I'm with them. ^^^^^^^^^^^^^^^^^^^^^^^


----------



## Gecko10 (Jul 1, 2020)

William Wilson said:


> Good Afternoon All,
> 
> I was getting things together to smoke a couple racks of ribs this holiday weekend on the Weber kettle.
> 
> ...


Good eats.


----------



## Magic Meat (Jul 1, 2020)

William Wilson said:


> Good Afternoon All,
> 
> I was getting things together to smoke a couple racks of ribs this holiday weekend on the Weber kettle.
> 
> ...


That's nothing lol.. about a year ago I made bacon out of a 18lb 1/2  belly that was in my freezer for 2 1/2 years ! It was folded in half skin facing out, double wrapped in good butcher paper and inside a 2 1/2 gal. Ziplock.
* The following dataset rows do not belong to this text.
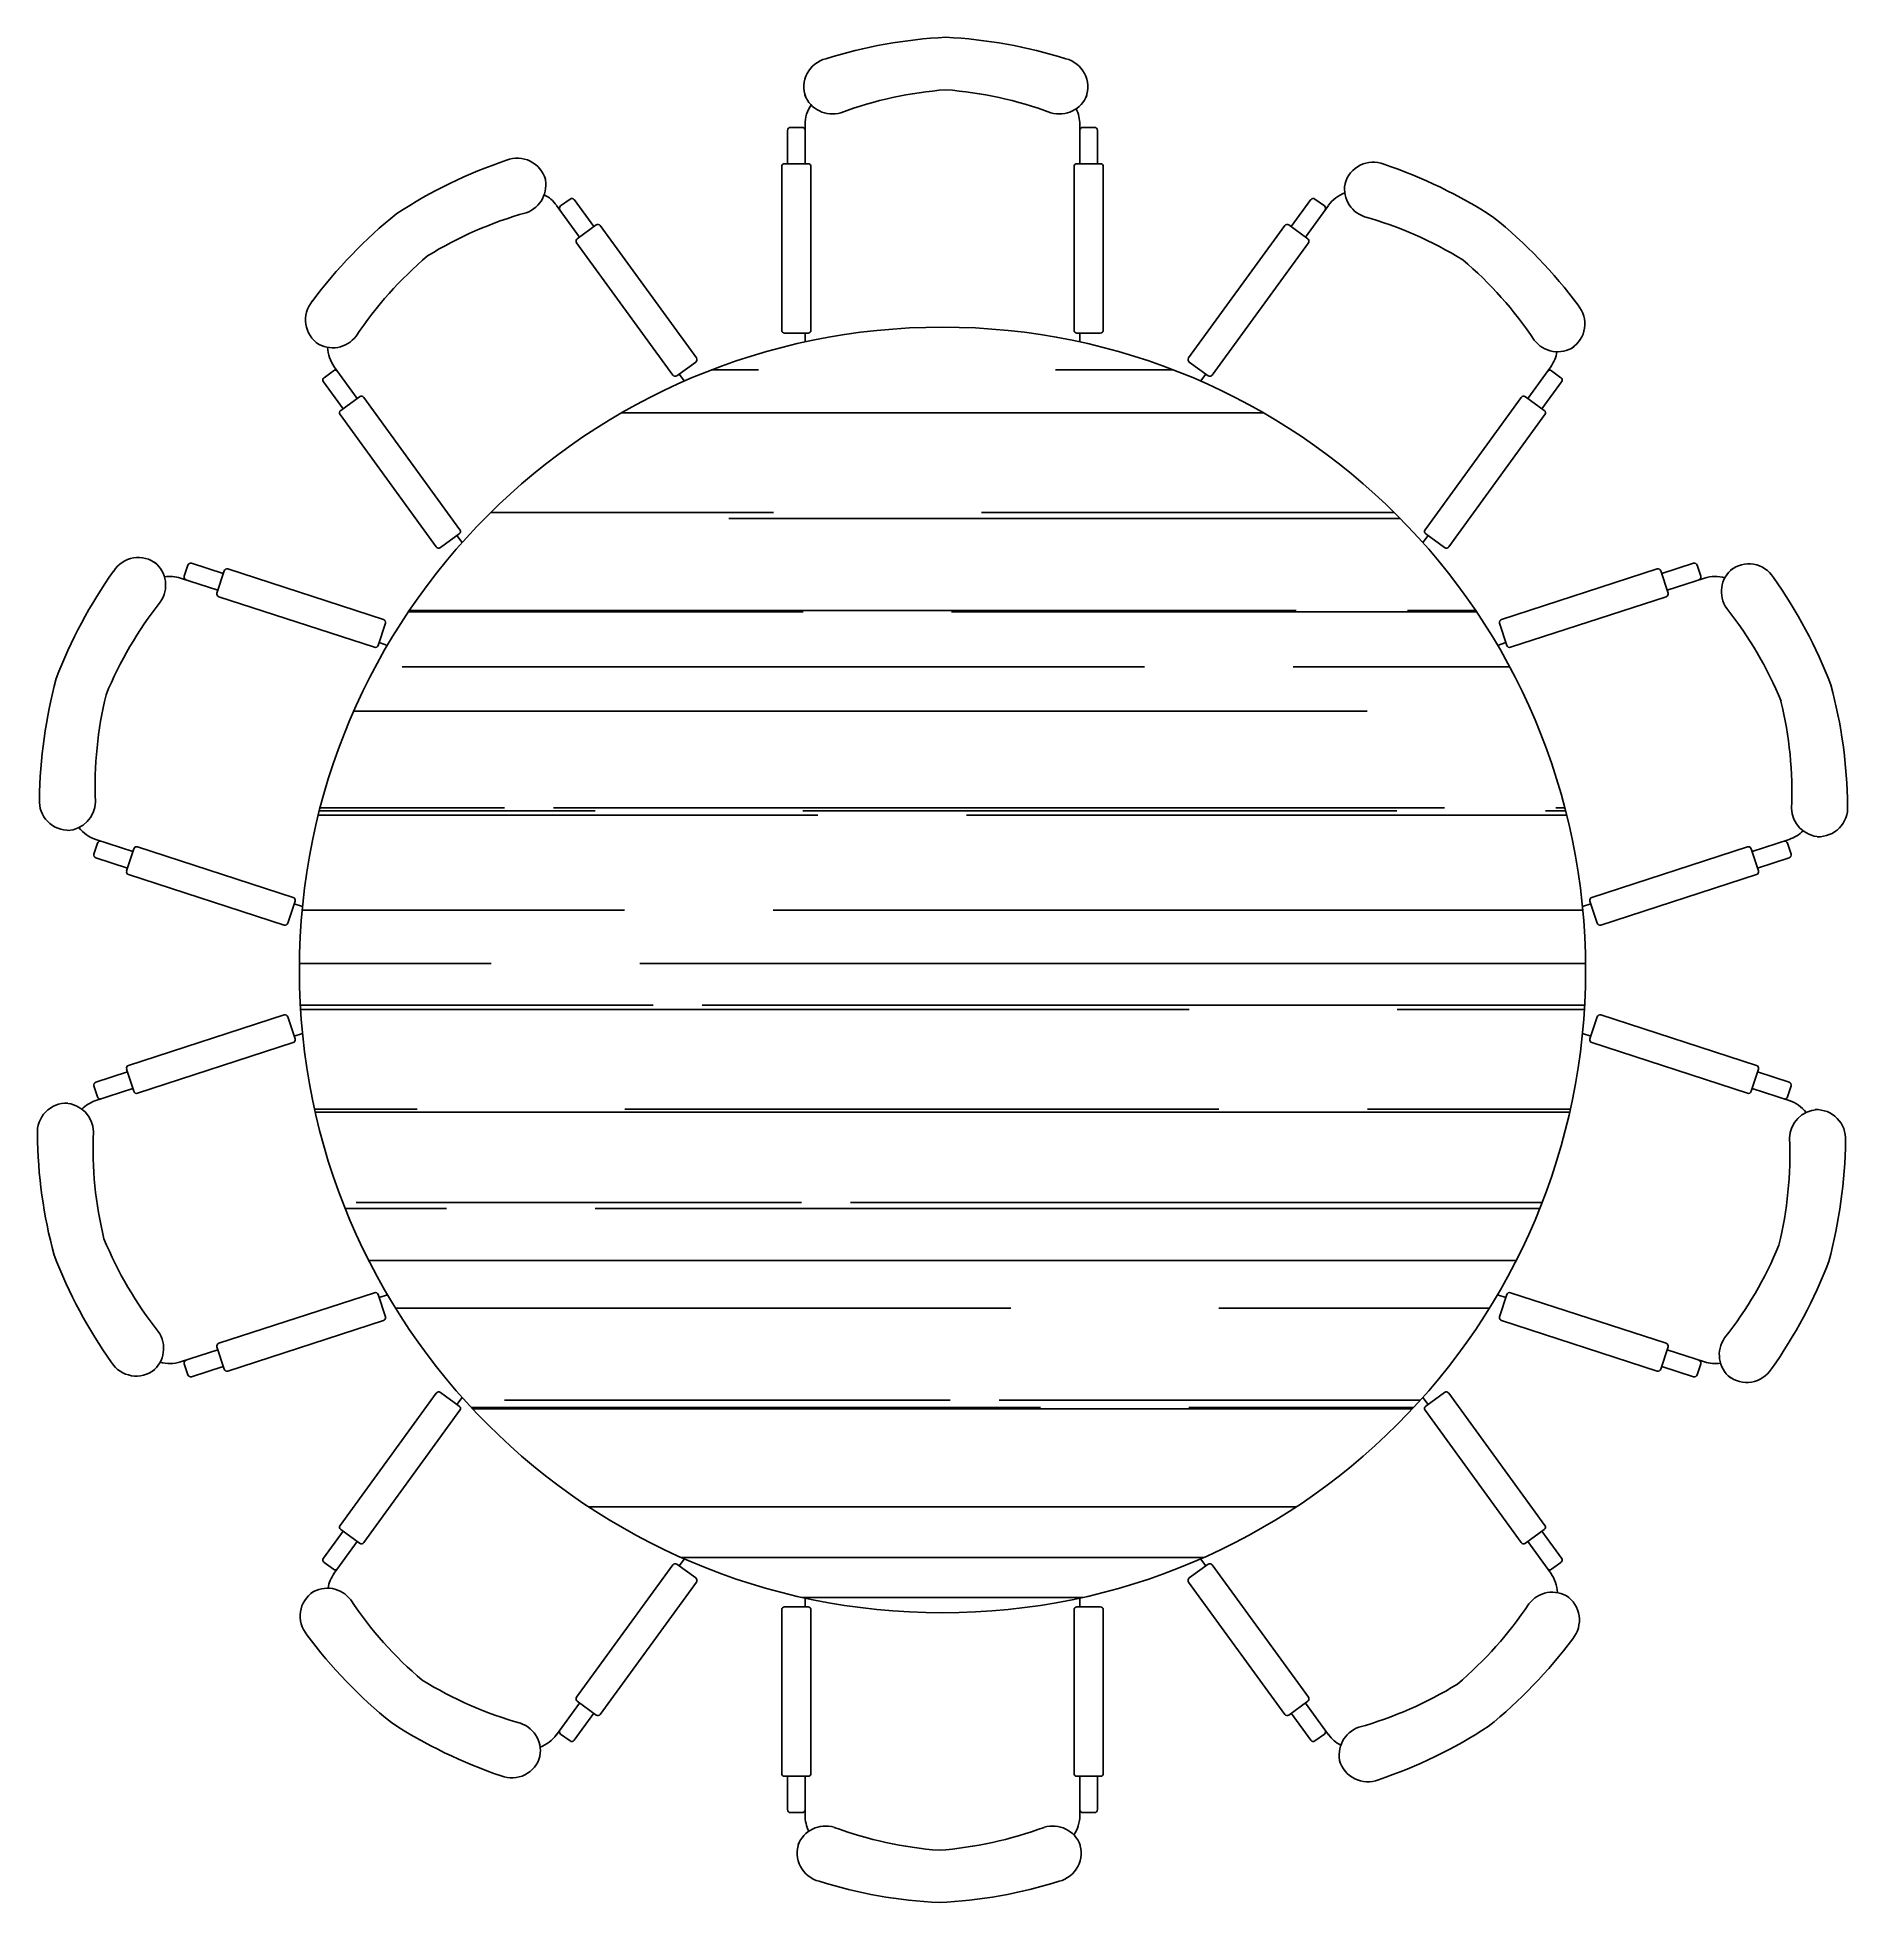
# Model space of a CAD drawing. Header units: millimetres. Extents: x -813.86 to -810.77, y 2611.29 to 2614.48.
import ezdxf

# ---------------------------------------------------------------- set-up
doc = ezdxf.new("R2010")
doc.units = ezdxf.units.MM
doc.header["$LTSCALE"] = 10
doc.layers.add('Móveis_mesas', color=2, linetype='Continuous')

msp = doc.modelspace()

# ---------------------------------------------------------------- hatches: boundary and pattern name
at = {"layer": 'Móveis_mesas'}
h = msp.add_hatch(dxfattribs=at)
h.set_pattern_fill('AR-RROOF', color=1, scale=0.01, style=0)
h.set_pattern_definition([(0, (-70.74727, 0), (0.5588, 0.254), [3.81, -0.508, 1.27, -0.254]), (0, (-70.40945, 0.127), (-0.254, 0.33782), [0.762, -0.08382, 1.524, -0.1905]), (0, (-70.62027, 0.2159), (1.3208, 0.17018), [2.032, -0.3556, 1.016, -0.254])])
h.paths.add_polyline_path([(-811.2152, 2612.8877, 1), (-813.4152, 2612.8877, 1)])

# ---------------------------------------------------------------- linework, layer by layer
for p, q in [((-812.0696, 2614.3812), (-812.0682, 2614.3851)), ((-812.5552, 2614.3294), (-812.5752, 2614.3294)), ((-812.5502, 2614.3343), (-812.5502, 2614.2673)), ((-812.0802, 2614.3343), (-812.0802, 2614.2673)), ((-812.0752, 2614.3294), (-812.0552, 2614.3294)), ((-812.5802, 2614.3244), (-812.5802, 2614.2673)), ((-812.0502, 2614.3244), (-812.0502, 2614.2673)), ((-812.5452, 2614.2673), (-812.5852, 2614.2673)), ((-812.0852, 2614.2673), (-812.0452, 2614.2673)), ((-812.9944, 2614.2403), (-812.9955, 2614.2443)), ((-812.5902, 2614.2623), (-812.5902, 2613.9824)), ((-812.5402, 2614.2623), (-812.5402, 2613.9824)), ((-812.0902, 2614.2623), (-812.0902, 2613.9824)), ((-812.0402, 2614.2623), (-812.0402, 2613.9824)), ((-812.9684, 2614.1951), (-812.9522, 2614.2069)), ((-812.9453, 2614.2058), (-812.9117, 2614.1596)), ((-811.6851, 2614.2058), (-811.7186, 2614.1596)), ((-811.6619, 2614.1951), (-811.6781, 2614.2069)), ((-812.9753, 2614.1961), (-812.936, 2614.1419)), ((-811.655, 2614.1961), (-811.6944, 2614.1419)), ((-812.94, 2614.139), (-812.9077, 2614.1625)), ((-812.9007, 2614.1614), (-812.7361, 2613.9349)), ((-811.7297, 2614.1614), (-811.8942, 2613.9349)), ((-811.6903, 2614.139), (-811.7227, 2614.1625)), ((-812.9411, 2614.132), (-812.7766, 2613.9056)), ((-811.6892, 2614.132), (-811.8537, 2613.9056)), ((-812.5452, 2613.9774), (-812.5852, 2613.9774)), ((-812.5502, 2613.9774), (-812.5502, 2613.9623)), ((-812.0852, 2613.9774), (-812.0452, 2613.9774)), ((-812.0802, 2613.9774), (-812.0802, 2613.9623)), ((-811.2386, 2613.9517), (-811.2352, 2613.954)), ((-813.3567, 2613.913), (-813.3729, 2613.9012)), ((-813.3556, 2613.9199), (-813.3162, 2613.8657)), ((-812.7696, 2613.9044), (-812.7372, 2613.928)), ((-811.8607, 2613.9044), (-811.8931, 2613.928)), ((-811.2747, 2613.9199), (-811.3141, 2613.8657)), ((-811.2736, 2613.913), (-811.2574, 2613.9012)), ((-813.374, 2613.8942), (-813.3405, 2613.848)), ((-812.7656, 2613.9074), (-812.7567, 2613.8952)), ((-811.8648, 2613.9074), (-811.8736, 2613.8952)), ((-811.2563, 2613.8942), (-811.2898, 2613.848)), ((-813.3122, 2613.8686), (-813.3445, 2613.8451)), ((-813.3052, 2613.8675), (-813.1406, 2613.6411)), ((-811.3251, 2613.8675), (-811.4897, 2613.6411)), ((-811.3182, 2613.8686), (-811.2858, 2613.8451)), ((-813.3456, 2613.8381), (-813.1811, 2613.6117)), ((-811.2847, 2613.8381), (-811.4492, 2613.6117)), ((-813.1417, 2613.6341), (-813.1741, 2613.6106)), ((-813.1458, 2613.6311), (-813.1369, 2613.6189)), ((-811.4845, 2613.6311), (-811.4934, 2613.6189)), ((-811.4886, 2613.6341), (-811.4562, 2613.6106)), ((-813.6598, 2613.5827), (-813.663, 2613.5852)), ((-813.6121, 2613.5614), (-813.606, 2613.5805)), ((-813.5997, 2613.5837), (-813.5454, 2613.566)), ((-813.5562, 2613.5327), (-813.5438, 2613.5708)), ((-813.5375, 2613.574), (-813.2713, 2613.4875)), ((-811.0928, 2613.574), (-811.359, 2613.4875)), ((-811.0741, 2613.5327), (-811.0865, 2613.5708)), ((-811.0307, 2613.5837), (-811.0849, 2613.566)), ((-811.0182, 2613.5614), (-811.0244, 2613.5805)), ((-813.6184, 2613.5582), (-813.5546, 2613.5375)), ((-811.012, 2613.5582), (-811.0757, 2613.5375)), ((-813.553, 2613.5264), (-813.2868, 2613.4399)), ((-811.0773, 2613.5264), (-811.3436, 2613.4399)), ((-813.2805, 2613.4431), (-813.2681, 2613.4812)), ((-811.3499, 2613.4431), (-811.3622, 2613.4812)), ((-813.2789, 2613.4479), (-813.2646, 2613.4432)), ((-811.3514, 2613.4479), (-811.3658, 2613.4432)), ((-810.8188, 2613.1157), (-810.8147, 2613.1155)), ((-813.7605, 2613.1049), (-813.7667, 2613.0859)), ((-813.7636, 2613.1112), (-813.6999, 2613.0905)), ((-813.6983, 2613.0952), (-813.7107, 2613.0572)), ((-813.692, 2613.0985), (-813.4258, 2613.012)), ((-810.9383, 2613.0985), (-811.2045, 2613.012)), ((-810.932, 2613.0952), (-810.9196, 2613.0572)), ((-810.8667, 2613.1112), (-810.9304, 2613.0905)), ((-810.8698, 2613.1049), (-810.8637, 2613.0859)), ((-813.7634, 2613.0796), (-813.7092, 2613.062)), ((-810.8669, 2613.0796), (-810.9212, 2613.062)), ((-813.7075, 2613.0509), (-813.4413, 2612.9644)), ((-810.9228, 2613.0509), (-811.189, 2612.9644)), ((-813.4226, 2613.0057), (-813.435, 2612.9676)), ((-813.4242, 2613.0009), (-813.4098, 2612.9962)), ((-811.2062, 2613.0009), (-811.2205, 2612.9962)), ((-811.2077, 2613.0057), (-811.1953, 2612.9676)), ((-813.7075, 2612.7244), (-813.4413, 2612.8109)), ((-813.4226, 2612.7697), (-813.435, 2612.8077)), ((-811.2077, 2612.7697), (-811.1953, 2612.8077)), ((-810.9228, 2612.7244), (-811.189, 2612.8109)), ((-813.4242, 2612.7744), (-813.4098, 2612.7791)), ((-811.2062, 2612.7744), (-811.2205, 2612.7791)), ((-813.692, 2612.6769), (-813.4258, 2612.7634)), ((-810.9383, 2612.6769), (-811.2045, 2612.7634)), ((-813.7634, 2612.6957), (-813.7092, 2612.7134)), ((-813.6983, 2612.6801), (-813.7107, 2612.7181)), ((-810.932, 2612.6801), (-810.9196, 2612.7181)), ((-810.8669, 2612.6957), (-810.9212, 2612.7134)), ((-813.7605, 2612.6704), (-813.7667, 2612.6894)), ((-813.7636, 2612.6641), (-813.6999, 2612.6848)), ((-810.8667, 2612.6641), (-810.9304, 2612.6848)), ((-810.8698, 2612.6704), (-810.8637, 2612.6894)), ((-813.8115, 2612.6596), (-813.8156, 2612.6598)), ((-813.553, 2612.2489), (-813.2868, 2612.3354)), ((-813.2805, 2612.3322), (-813.2681, 2612.2941)), ((-813.2789, 2612.3274), (-813.2646, 2612.3321)), ((-811.3514, 2612.3274), (-811.3658, 2612.3321)), ((-811.3499, 2612.3322), (-811.3622, 2612.2941)), ((-811.0773, 2612.2489), (-811.3436, 2612.3354)), ((-813.5375, 2612.2013), (-813.2713, 2612.2878)), ((-811.0928, 2612.2013), (-811.359, 2612.2878)), ((-813.6184, 2612.2171), (-813.5546, 2612.2378)), ((-813.5562, 2612.2426), (-813.5438, 2612.2045)), ((-811.0741, 2612.2426), (-811.0865, 2612.2045)), ((-811.012, 2612.2171), (-811.0757, 2612.2378)), ((-813.6121, 2612.2139), (-813.606, 2612.1949)), ((-813.5997, 2612.1917), (-813.5454, 2612.2093)), ((-811.0307, 2612.1917), (-811.0849, 2612.2093)), ((-811.0182, 2612.2139), (-811.0244, 2612.1949)), ((-810.9705, 2612.1926), (-810.9673, 2612.1901)), ((-813.3456, 2611.9372), (-813.1811, 2612.1637)), ((-813.1417, 2612.1413), (-813.1741, 2612.1648)), ((-811.4886, 2612.1413), (-811.4562, 2612.1648)), ((-811.2847, 2611.9372), (-811.4492, 2612.1637)), ((-813.3052, 2611.9078), (-813.1406, 2612.1343)), ((-813.1458, 2612.1442), (-813.1369, 2612.1564)), ((-811.4845, 2612.1442), (-811.4934, 2612.1564)), ((-811.3251, 2611.9078), (-811.4897, 2612.1343)), ((-813.374, 2611.8811), (-813.3405, 2611.9273)), ((-813.3556, 2611.8554), (-813.3162, 2611.9096)), ((-813.3122, 2611.9067), (-813.3445, 2611.9302)), ((-811.3182, 2611.9067), (-811.2858, 2611.9302)), ((-811.2747, 2611.8554), (-811.3141, 2611.9096)), ((-811.2563, 2611.8811), (-811.2898, 2611.9273)), ((-813.3567, 2611.8624), (-813.3729, 2611.8741)), ((-812.7696, 2611.8709), (-812.7372, 2611.8474)), ((-812.7656, 2611.8679), (-812.7567, 2611.8802)), ((-811.8607, 2611.8709), (-811.8931, 2611.8474)), ((-811.8648, 2611.8679), (-811.8736, 2611.8802)), ((-811.2736, 2611.8624), (-811.2574, 2611.8741)), ((-812.9411, 2611.6433), (-812.7766, 2611.8698)), ((-812.9007, 2611.6139), (-812.7361, 2611.8404)), ((-811.7297, 2611.6139), (-811.8942, 2611.8404)), ((-811.6892, 2611.6433), (-811.8537, 2611.8698)), ((-813.3917, 2611.8236), (-813.3951, 2611.8214)), ((-812.5502, 2611.798), (-812.5502, 2611.8131)), ((-812.0802, 2611.798), (-812.0802, 2611.8131)), ((-812.5902, 2611.513), (-812.5902, 2611.793)), ((-812.5452, 2611.798), (-812.5852, 2611.798)), ((-812.5402, 2611.513), (-812.5402, 2611.793)), ((-812.0902, 2611.513), (-812.0902, 2611.793)), ((-812.0852, 2611.798), (-812.0452, 2611.798)), ((-812.0402, 2611.513), (-812.0402, 2611.793)), ((-812.9753, 2611.5792), (-812.936, 2611.6334)), ((-812.9453, 2611.5696), (-812.9117, 2611.6158)), ((-812.94, 2611.6363), (-812.9077, 2611.6128)), ((-811.6903, 2611.6363), (-811.7227, 2611.6128)), ((-811.6851, 2611.5696), (-811.7186, 2611.6158)), ((-811.655, 2611.5792), (-811.6944, 2611.6334)), ((-812.9684, 2611.5802), (-812.9522, 2611.5685)), ((-811.6619, 2611.5802), (-811.6781, 2611.5685)), ((-811.6359, 2611.535), (-811.6348, 2611.5311)), ((-812.5452, 2611.508), (-812.5852, 2611.508)), ((-812.5802, 2611.4509), (-812.5802, 2611.508)), ((-812.5502, 2611.441), (-812.5502, 2611.508)), ((-812.0852, 2611.508), (-812.0452, 2611.508)), ((-812.0802, 2611.441), (-812.0802, 2611.508)), ((-812.0502, 2611.4509), (-812.0502, 2611.508)), ((-812.5552, 2611.4459), (-812.5752, 2611.4459)), ((-812.0752, 2611.4459), (-812.0552, 2611.4459)), ((-812.5607, 2611.3941), (-812.5621, 2611.3902))]:
    msp.add_line(p, q, dxfattribs=at)
at = {"layer": 'Móveis_mesas', "color": 3}
msp.add_circle((-812.3152, 2612.8877), 1.1, dxfattribs=at)
at = {"layer": 'Móveis_mesas'}
for centre, radius, start, end in [((-812.2674, 2613.6538), 0.8309, 92.8995, 107.3221), ((-812.3515, 2613.6538), 0.8309, 72.6779, 87.1005), ((-812.5023, 2614.3986), 0.05, 104.4541, 200.2794), ((-812.1165, 2614.3986), 0.05, 339.7206, 75.5459), ((-812.2592, 2613.7337), 0.6621, 94.3515, 110.3082), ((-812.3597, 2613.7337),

It was totally fine, and if I remember correctly it was one of the best batches of bacon I ever made !


----------



## bradger (Jul 1, 2020)

I agree with all, taste might be off


----------



## smokerjim (Jul 1, 2020)

i've had some that were well over 2 years old, tasted great. like the others said no problem


----------



## Inscrutable (Jul 1, 2020)

Ditto everyone ... When frozen, safety is never an issue ... it’s always taste and/or texture. Nothing to lose. Maybe an opportunity to experiment a bit.


----------



## mike243 (Jul 1, 2020)

Naw better not eatem, might make ya sick, are ya close? I could run by pu  and drop off at the dump for ya lol  , have eaten 4 year old vac sealed deer loins , still upright .


----------



## hoity toit (Jul 1, 2020)

William Wilson said:


> Good Afternoon All,
> 
> I was getting things together to smoke a couple racks of ribs this holiday weekend on the Weber kettle.
> 
> ...


go for it,,threy be fine


----------